Con el transcurrir de los acontecimientos que transforman constantemente tu contexto, vas cayendo en la cuenta de cuánta razón tenía Heráclito el Oscuro al aseverar que no puedes bañarte dos veces en el mismo río, que todo fluye, que todo cambia. El arkhé es el fuego, siempre en movimiento.
Una de las conclusiones más lógicas. o al menos más razonables, desde una perspectiva de supervivencia, es que tienes que fluir y adaptarte para seguir el curso de ese río: tienes que cambiar con las corrientes, esquivar las posibles rocas que te puedan bloquear el camino. Tienes que cambiar con tu cambiante entorno o perecer anclado en un pasado que Dios sabe si existió, que ahora no existe y que jamás existirá de nuevo.

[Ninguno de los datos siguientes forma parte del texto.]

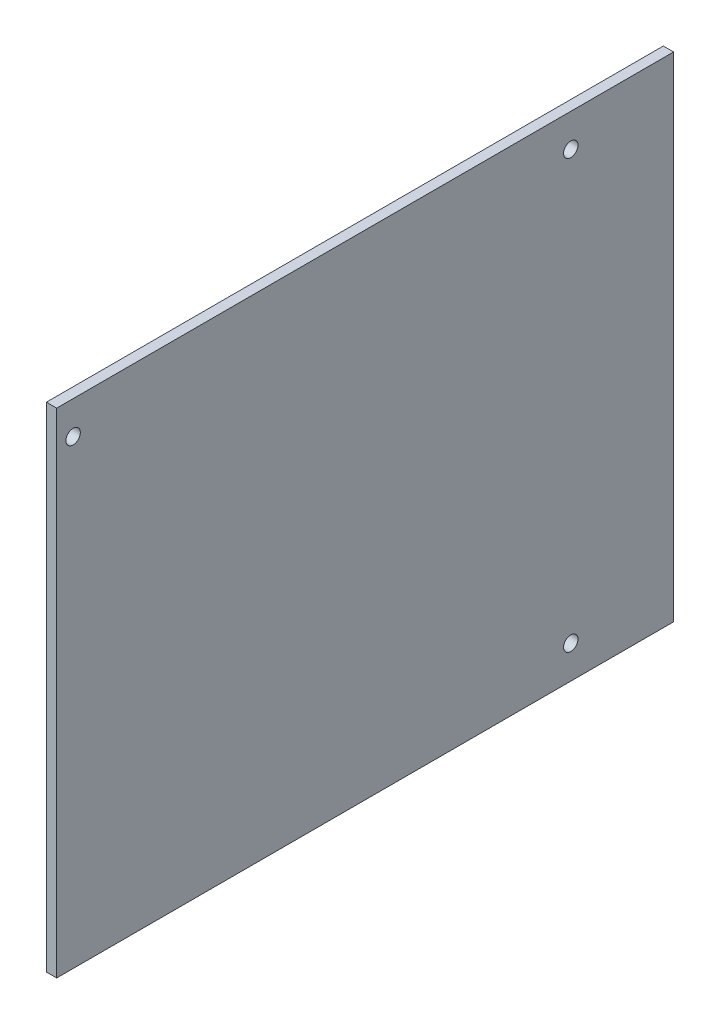
ISO-10303-21;
HEADER;
FILE_DESCRIPTION(('STEP AP214'),'2;1');
FILE_NAME('part.step','',(''),(''),'','','');
FILE_SCHEMA(('AUTOMOTIVE_DESIGN { 1 0 10303 214 1 1 1 1 }'));
ENDSEC;
DATA;
#1=APPLICATION_CONTEXT('core data for automotive mechanical design processes');
#2=APPLICATION_PROTOCOL_DEFINITION('international standard','automotive_design',2000,#1);
#3=PRODUCT_CONTEXT('',#1,'mechanical');
#4=PRODUCT('Part','Part','',(#3));
#5=PRODUCT_RELATED_PRODUCT_CATEGORY('part','',(#4));
#6=PRODUCT_DEFINITION_FORMATION('','',#4);
#7=PRODUCT_DEFINITION_CONTEXT('part definition',#1,'design');
#8=PRODUCT_DEFINITION('design','',#6,#7);
#9=PRODUCT_DEFINITION_SHAPE('','',#8);
#10=(LENGTH_UNIT() NAMED_UNIT(*) SI_UNIT(.MILLI.,.METRE.));
#11=(NAMED_UNIT(*) PLANE_ANGLE_UNIT() SI_UNIT($,.RADIAN.));
#12=(NAMED_UNIT(*) SI_UNIT($,.STERADIAN.) SOLID_ANGLE_UNIT());
#13=UNCERTAINTY_MEASURE_WITH_UNIT(LENGTH_MEASURE(1.E-05),#10,'distance_accuracy_value','');
#14=(GEOMETRIC_REPRESENTATION_CONTEXT(3) GLOBAL_UNCERTAINTY_ASSIGNED_CONTEXT((#13)) GLOBAL_UNIT_ASSIGNED_CONTEXT((#10,
#11,#12)) REPRESENTATION_CONTEXT('',''));
#15=CARTESIAN_POINT('',(0.,0.,0.));
#16=DIRECTION('',(0.,0.,1.));
#17=DIRECTION('',(1.,0.,0.));
#18=AXIS2_PLACEMENT_3D('',#15,#16,#17);
#19=CARTESIAN_POINT('',(2.5,0.,0.));
#20=DIRECTION('',(-1.,0.,0.));
#21=DIRECTION('',(0.,0.,1.));
#22=AXIS2_PLACEMENT_3D('',#19,#20,#21);
#23=PLANE('',#22);
#24=DIRECTION('',(0.,1.,0.));
#25=VECTOR('',#24,1.);
#26=CARTESIAN_POINT('',(2.5,-60.,-75.));
#27=LINE('',#26,#25);
#28=CARTESIAN_POINT('',(2.5,-60.,-75.));
#29=VERTEX_POINT('',#28);
#30=CARTESIAN_POINT('',(2.5,60.,-75.));
#31=VERTEX_POINT('',#30);
#32=EDGE_CURVE('E98',#29,#31,#27,.T.);
#33=ORIENTED_EDGE('',*,*,#32,.T.);
#34=DIRECTION('',(0.,0.,1.));
#35=VECTOR('',#34,1.);
#36=CARTESIAN_POINT('',(2.5,60.,75.));
#37=LINE('',#36,#35);
#38=CARTESIAN_POINT('',(2.5,60.,75.));
#39=VERTEX_POINT('',#38);
#40=EDGE_CURVE('E93',#31,#39,#37,.T.);
#41=ORIENTED_EDGE('',*,*,#40,.T.);
#42=DIRECTION('',(0.,-1.,0.));
#43=VECTOR('',#42,1.);
#44=CARTESIAN_POINT('',(2.5,-60.,75.));
#45=LINE('',#44,#43);
#46=CARTESIAN_POINT('',(2.5,-60.,75.));
#47=VERTEX_POINT('',#46);
#48=EDGE_CURVE('E96',#39,#47,#45,.T.);
#49=ORIENTED_EDGE('',*,*,#48,.T.);
#50=DIRECTION('',(0.,0.,-1.));
#51=VECTOR('',#50,1.);
#52=CARTESIAN_POINT('',(2.5,-60.,75.));
#53=LINE('',#52,#51);
#54=EDGE_CURVE('E63',#47,#29,#53,.T.);
#55=ORIENTED_EDGE('',*,*,#54,.T.);
#56=EDGE_LOOP('',(#33,#41,#49,#55));
#57=FACE_BOUND('',#56,.T.);
#58=CARTESIAN_POINT('',(2.5,52.,-50.));
#59=DIRECTION('',(1.,0.,0.));
#60=DIRECTION('',(0.,0.,-1.));
#61=AXIS2_PLACEMENT_3D('',#58,#59,#60);
#62=CIRCLE('',#61,1.75);
#63=CARTESIAN_POINT('',(2.5,52.,-51.75));
#64=VERTEX_POINT('',#63);
#65=EDGE_CURVE('E118',#64,#64,#62,.T.);
#66=ORIENTED_EDGE('',*,*,#65,.F.);
#67=EDGE_LOOP('',(#66));
#68=FACE_BOUND('',#67,.T.);
#69=CARTESIAN_POINT('',(2.5,52.,71.));
#70=DIRECTION('',(1.,0.,0.));
#71=DIRECTION('',(0.,0.,-1.));
#72=AXIS2_PLACEMENT_3D('',#69,#70,#71);
#73=CIRCLE('',#72,1.75);
#74=CARTESIAN_POINT('',(2.5,52.,69.25));
#75=VERTEX_POINT('',#74);
#76=EDGE_CURVE('E140',#75,#75,#73,.T.);
#77=ORIENTED_EDGE('',*,*,#76,.F.);
#78=EDGE_LOOP('',(#77));
#79=FACE_BOUND('',#78,.T.);
#80=CARTESIAN_POINT('',(2.5,-52.,-50.));
#81=DIRECTION('',(1.,0.,0.));
#82=DIRECTION('',(0.,0.,1.));
#83=AXIS2_PLACEMENT_3D('',#80,#81,#82);
#84=CIRCLE('',#83,1.75);
#85=CARTESIAN_POINT('',(2.5,-52.,-48.25));
#86=VERTEX_POINT('',#85);
#87=EDGE_CURVE('E148',#86,#86,#84,.T.);
#88=ORIENTED_EDGE('',*,*,#87,.F.);
#89=EDGE_LOOP('',(#88));
#90=FACE_BOUND('',#89,.T.);
#91=ADVANCED_FACE('F45',(#57,#68,#79,#90),#23,.F.);
#92=CARTESIAN_POINT('',(0.,0.,0.));
#93=DIRECTION('',(-1.,0.,0.));
#94=DIRECTION('',(0.,0.,1.));
#95=AXIS2_PLACEMENT_3D('',#92,#93,#94);
#96=PLANE('',#95);
#97=CARTESIAN_POINT('',(0.,52.,71.));
#98=DIRECTION('',(1.,0.,0.));
#99=DIRECTION('',(0.,0.,-1.));
#100=AXIS2_PLACEMENT_3D('',#97,#98,#99);
#101=CIRCLE('',#100,1.75);
#102=CARTESIAN_POINT('',(0.,52.,69.25));
#103=VERTEX_POINT('',#102);
#104=EDGE_CURVE('E144',#103,#103,#101,.T.);
#105=ORIENTED_EDGE('',*,*,#104,.T.);
#106=EDGE_LOOP('',(#105));
#107=FACE_BOUND('',#106,.T.);
#108=DIRECTION('',(0.,1.,0.));
#109=VECTOR('',#108,1.);
#110=CARTESIAN_POINT('',(0.,-60.,-75.));
#111=LINE('',#110,#109);
#112=CARTESIAN_POINT('',(0.,-60.,-75.));
#113=VERTEX_POINT('',#112);
#114=CARTESIAN_POINT('',(0.,60.,-75.));
#115=VERTEX_POINT('',#114);
#116=EDGE_CURVE('E114',#113,#115,#111,.T.);
#117=ORIENTED_EDGE('',*,*,#116,.F.);
#118=DIRECTION('',(0.,0.,-1.));
#119=VECTOR('',#118,1.);
#120=CARTESIAN_POINT('',(0.,-60.,75.));
#121=LINE('',#120,#119);
#122=CARTESIAN_POINT('',(0.,-60.,75.));
#123=VERTEX_POINT('',#122);
#124=EDGE_CURVE('E86',#123,#113,#121,.T.);
#125=ORIENTED_EDGE('',*,*,#124,.F.);
#126=DIRECTION('',(0.,-1.,0.));
#127=VECTOR('',#126,1.);
#128=CARTESIAN_POINT('',(0.,-60.,75.));
#129=LINE('',#128,#127);
#130=CARTESIAN_POINT('',(0.,60.,75.));
#131=VERTEX_POINT('',#130);
#132=EDGE_CURVE('E80',#131,#123,#129,.T.);
#133=ORIENTED_EDGE('',*,*,#132,.F.);
#134=DIRECTION('',(0.,0.,1.));
#135=VECTOR('',#134,1.);
#136=CARTESIAN_POINT('',(0.,60.,75.));
#137=LINE('',#136,#135);
#138=EDGE_CURVE('E103',#115,#131,#137,.T.);
#139=ORIENTED_EDGE('',*,*,#138,.F.);
#140=EDGE_LOOP('',(#117,#125,#133,#139));
#141=FACE_BOUND('',#140,.T.);
#142=CARTESIAN_POINT('',(0.,52.,-50.));
#143=DIRECTION('',(1.,0.,0.));
#144=DIRECTION('',(0.,0.,-1.));
#145=AXIS2_PLACEMENT_3D('',#142,#143,#144);
#146=CIRCLE('',#145,1.75);
#147=CARTESIAN_POINT('',(0.,52.,-51.75));
#148=VERTEX_POINT('',#147);
#149=EDGE_CURVE('E136',#148,#148,#146,.T.);
#150=ORIENTED_EDGE('',*,*,#149,.T.);
#151=EDGE_LOOP('',(#150));
#152=FACE_BOUND('',#151,.T.);
#153=CARTESIAN_POINT('',(0.,-52.,-50.));
#154=DIRECTION('',(1.,0.,0.));
#155=DIRECTION('',(0.,0.,1.));
#156=AXIS2_PLACEMENT_3D('',#153,#154,#155);
#157=CIRCLE('',#156,1.75);
#158=CARTESIAN_POINT('',(0.,-52.,-48.25));
#159=VERTEX_POINT('',#158);
#160=EDGE_CURVE('E152',#159,#159,#157,.T.);
#161=ORIENTED_EDGE('',*,*,#160,.T.);
#162=EDGE_LOOP('',(#161));
#163=FACE_BOUND('',#162,.T.);
#164=ADVANCED_FACE('F131',(#107,#141,#152,#163),#96,.T.);
#165=CARTESIAN_POINT('',(2.5,-60.,-75.));
#166=DIRECTION('',(0.,0.,1.));
#167=DIRECTION('',(1.,0.,0.));
#168=AXIS2_PLACEMENT_3D('',#165,#166,#167);
#169=PLANE('',#168);
#170=ORIENTED_EDGE('',*,*,#116,.T.);
#171=DIRECTION('',(-1.,0.,0.));
#172=VECTOR('',#171,1.);
#173=CARTESIAN_POINT('',(2.5,60.,-75.));
#174=LINE('',#173,#172);
#175=EDGE_CURVE('E11',#31,#115,#174,.T.);
#176=ORIENTED_EDGE('',*,*,#175,.F.);
#177=ORIENTED_EDGE('',*,*,#32,.F.);
#178=DIRECTION('',(-1.,0.,0.));
#179=VECTOR('',#178,1.);
#180=CARTESIAN_POINT('',(2.5,-60.,-75.));
#181=LINE('',#180,#179);
#182=EDGE_CURVE('E110',#29,#113,#181,.T.);
#183=ORIENTED_EDGE('',*,*,#182,.T.);
#184=EDGE_LOOP('',(#170,#176,#177,#183));
#185=FACE_BOUND('',#184,.T.);
#186=ADVANCED_FACE('F47',(#185),#169,.F.);
#187=CARTESIAN_POINT('',(2.5,60.,75.));
#188=DIRECTION('',(0.,-1.,0.));
#189=DIRECTION('',(0.,0.,-1.));
#190=AXIS2_PLACEMENT_3D('',#187,#188,#189);
#191=PLANE('',#190);
#192=ORIENTED_EDGE('',*,*,#138,.T.);
#193=DIRECTION('',(-1.,0.,0.));
#194=VECTOR('',#193,1.);
#195=CARTESIAN_POINT('',(2.5,60.,75.));
#196=LINE('',#195,#194);
#197=EDGE_CURVE('E55',#39,#131,#196,.T.);
#198=ORIENTED_EDGE('',*,*,#197,.F.);
#199=ORIENTED_EDGE('',*,*,#40,.F.);
#200=ORIENTED_EDGE('',*,*,#175,.T.);
#201=EDGE_LOOP('',(#192,#198,#199,#200));
#202=FACE_BOUND('',#201,.T.);
#203=ADVANCED_FACE('F102',(#202),#191,.F.);
#204=CARTESIAN_POINT('',(2.5,-60.,75.));
#205=DIRECTION('',(0.,0.,-1.));
#206=DIRECTION('',(-1.,0.,0.));
#207=AXIS2_PLACEMENT_3D('',#204,#205,#206);
#208=PLANE('',#207);
#209=ORIENTED_EDGE('',*,*,#132,.T.);
#210=DIRECTION('',(-1.,0.,0.));
#211=VECTOR('',#210,1.);
#212=CARTESIAN_POINT('',(2.5,-60.,75.));
#213=LINE('',#212,#211);
#214=EDGE_CURVE('E105',#47,#123,#213,.T.);
#215=ORIENTED_EDGE('',*,*,#214,.F.);
#216=ORIENTED_EDGE('',*,*,#48,.F.);
#217=ORIENTED_EDGE('',*,*,#197,.T.);
#218=EDGE_LOOP('',(#209,#215,#216,#217));
#219=FACE_BOUND('',#218,.T.);
#220=ADVANCED_FACE('F106',(#219),#208,.F.);
#221=CARTESIAN_POINT('',(2.5,-60.,75.));
#222=DIRECTION('',(0.,1.,0.));
#223=DIRECTION('',(0.,0.,1.));
#224=AXIS2_PLACEMENT_3D('',#221,#222,#223);
#225=PLANE('',#224);
#226=ORIENTED_EDGE('',*,*,#124,.T.);
#227=ORIENTED_EDGE('',*,*,#182,.F.);
#228=ORIENTED_EDGE('',*,*,#54,.F.);
#229=ORIENTED_EDGE('',*,*,#214,.T.);
#230=EDGE_LOOP('',(#226,#227,#228,#229));
#231=FACE_BOUND('',#230,.T.);
#232=ADVANCED_FACE('F128',(#231),#225,.F.);
#233=CARTESIAN_POINT('',(2.5,52.,-50.));
#234=DIRECTION('',(-1.,0.,0.));
#235=DIRECTION('',(0.,0.,1.));
#236=AXIS2_PLACEMENT_3D('',#233,#234,#235);
#237=CYLINDRICAL_SURFACE('',#236,1.75);
#238=ORIENTED_EDGE('',*,*,#65,.T.);
#239=EDGE_LOOP('',(#238));
#240=FACE_BOUND('',#239,.T.);
#241=ORIENTED_EDGE('',*,*,#149,.F.);
#242=EDGE_LOOP('',(#241));
#243=FACE_BOUND('',#242,.T.);
#244=ADVANCED_FACE('F171',(#240,#243),#237,.F.);
#245=CARTESIAN_POINT('',(2.5,52.,71.));
#246=DIRECTION('',(-1.,0.,0.));
#247=DIRECTION('',(0.,0.,1.));
#248=AXIS2_PLACEMENT_3D('',#245,#246,#247);
#249=CYLINDRICAL_SURFACE('',#248,1.75);
#250=ORIENTED_EDGE('',*,*,#76,.T.);
#251=EDGE_LOOP('',(#250));
#252=FACE_BOUND('',#251,.T.);
#253=ORIENTED_EDGE('',*,*,#104,.F.);
#254=EDGE_LOOP('',(#253));
#255=FACE_BOUND('',#254,.T.);
#256=ADVANCED_FACE('F216',(#252,#255),#249,.F.);
#257=CARTESIAN_POINT('',(2.5,-52.,-50.));
#258=DIRECTION('',(-1.,0.,0.));
#259=DIRECTION('',(0.,0.,1.));
#260=AXIS2_PLACEMENT_3D('',#257,#258,#259);
#261=CYLINDRICAL_SURFACE('',#260,1.75);
#262=ORIENTED_EDGE('',*,*,#87,.T.);
#263=EDGE_LOOP('',(#262));
#264=FACE_BOUND('',#263,.T.);
#265=ORIENTED_EDGE('',*,*,#160,.F.);
#266=EDGE_LOOP('',(#265));
#267=FACE_BOUND('',#266,.T.);
#268=ADVANCED_FACE('F160',(#264,#267),#261,.F.);
#269=CLOSED_SHELL('',(#91,#164,#186,#203,#220,#232,#244,#256,#268));
#270=MANIFOLD_SOLID_BREP('B2',#269);
#271=ADVANCED_BREP_SHAPE_REPRESENTATION('',(#18,#270),#14);
#272=SHAPE_DEFINITION_REPRESENTATION(#9,#271);
ENDSEC;
END-ISO-10303-21;

¿Porqué planteo ésta reflexión? (se preguntarán algunos). Porque (ay de mi, pobre ingenuo) acabo de caer en la cuenta de que, en un mundo en el que todo cambia y nada es estable, ni eterno, no tiene cabida un principio tan elemental como el alma. Ni el amor. Ni la amistad.
Por eso decidí salirme del río y contemplar (theoréticamente) desde una posición estática en su dinamismo (ojo con el concepto) y personal el eterno devenir de la vida, compartiendo la orilla del río con aquellos que, al igual que yo, prefieren seguir creyendo que el incesante fluir de la vida no implica necesariamente “dejarse llevar por la corriente”. Y por eso ahora aquellos que siguieron río abajo, se pierden en el horizonte de mi conciencia, lenta, pero inexorablemente.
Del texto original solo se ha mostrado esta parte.